Apache Hadoop Lab at JavaOne

Categories: General

Guest post by Daniel Templeton, Product Manager at Oracle.

Aside from JavaOne ’10 having a new home as part of the greater Oracle OpenWorld conference, it was business as usual this year. Lots of great sessions, lots of interesting labs, and lots and lots of excited developers. (I think there may have even been more attendees than the conference planners expected.) This year Apache Hadoop joined the ranks of the JavaOne hands-on labs with a lab co-produced by Oracle and Cloudera.

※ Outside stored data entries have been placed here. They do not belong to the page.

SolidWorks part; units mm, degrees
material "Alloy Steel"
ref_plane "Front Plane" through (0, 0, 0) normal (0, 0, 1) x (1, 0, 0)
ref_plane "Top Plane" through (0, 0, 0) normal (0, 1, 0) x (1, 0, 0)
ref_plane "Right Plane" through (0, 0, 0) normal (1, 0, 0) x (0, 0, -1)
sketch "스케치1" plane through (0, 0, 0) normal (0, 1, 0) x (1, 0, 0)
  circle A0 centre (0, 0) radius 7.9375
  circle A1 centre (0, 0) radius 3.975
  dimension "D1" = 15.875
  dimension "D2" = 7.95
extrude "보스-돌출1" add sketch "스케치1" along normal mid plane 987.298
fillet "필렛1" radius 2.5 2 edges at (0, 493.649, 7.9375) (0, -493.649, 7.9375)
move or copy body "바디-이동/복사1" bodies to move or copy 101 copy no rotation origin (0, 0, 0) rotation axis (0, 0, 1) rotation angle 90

JavaOne Hands-on Lab S314413: Extracting Real Value from Your Data With Apache Hadoop was offered as a two-hour interactive lab designed to introduce attendees to the Hadoop environment, including writing a MapReduce program, writing a custom input reader, running, monitoring, and managing Hadoop jobs, and working with the Hive data warehousing platform. The lab was designed for participants with at least some Java programming experience but not necessarily any prior exposure to Hadoop.

In case you missed the lab at JavaOne, Oracle and Cloudera are both making the lab materials available online. Oracle will post the materials as part of the greater JavaOne presentations posting. Cloudera has already posted the lab materials online in the training section of the website.

When you download the zip file, in it you will find a lab workbook as a PDF in the root directory. At the back of the workbook, you will find an appendix that describes how to set up your own lab environment. I highly recommend that you grab the Cloudera Distribution for Hadoop (v2) to use as an environment for the lab. Cloudera even makes a prebuilt Linux/Hadoop environment available as a virtual machine. The lab was written for Solaris 11 Express and NetBeans, but you should still be able to do the lab on another OS with another IDE.

At JavaOne, the lab was very successful. Turnout was good and the comments were great! I’ve already incorporated lots of great feedback from that session into the set of lab materials that Cloudera is now hosting, but I’m always happy to hear any additional comments and/or feedback. Happy coding!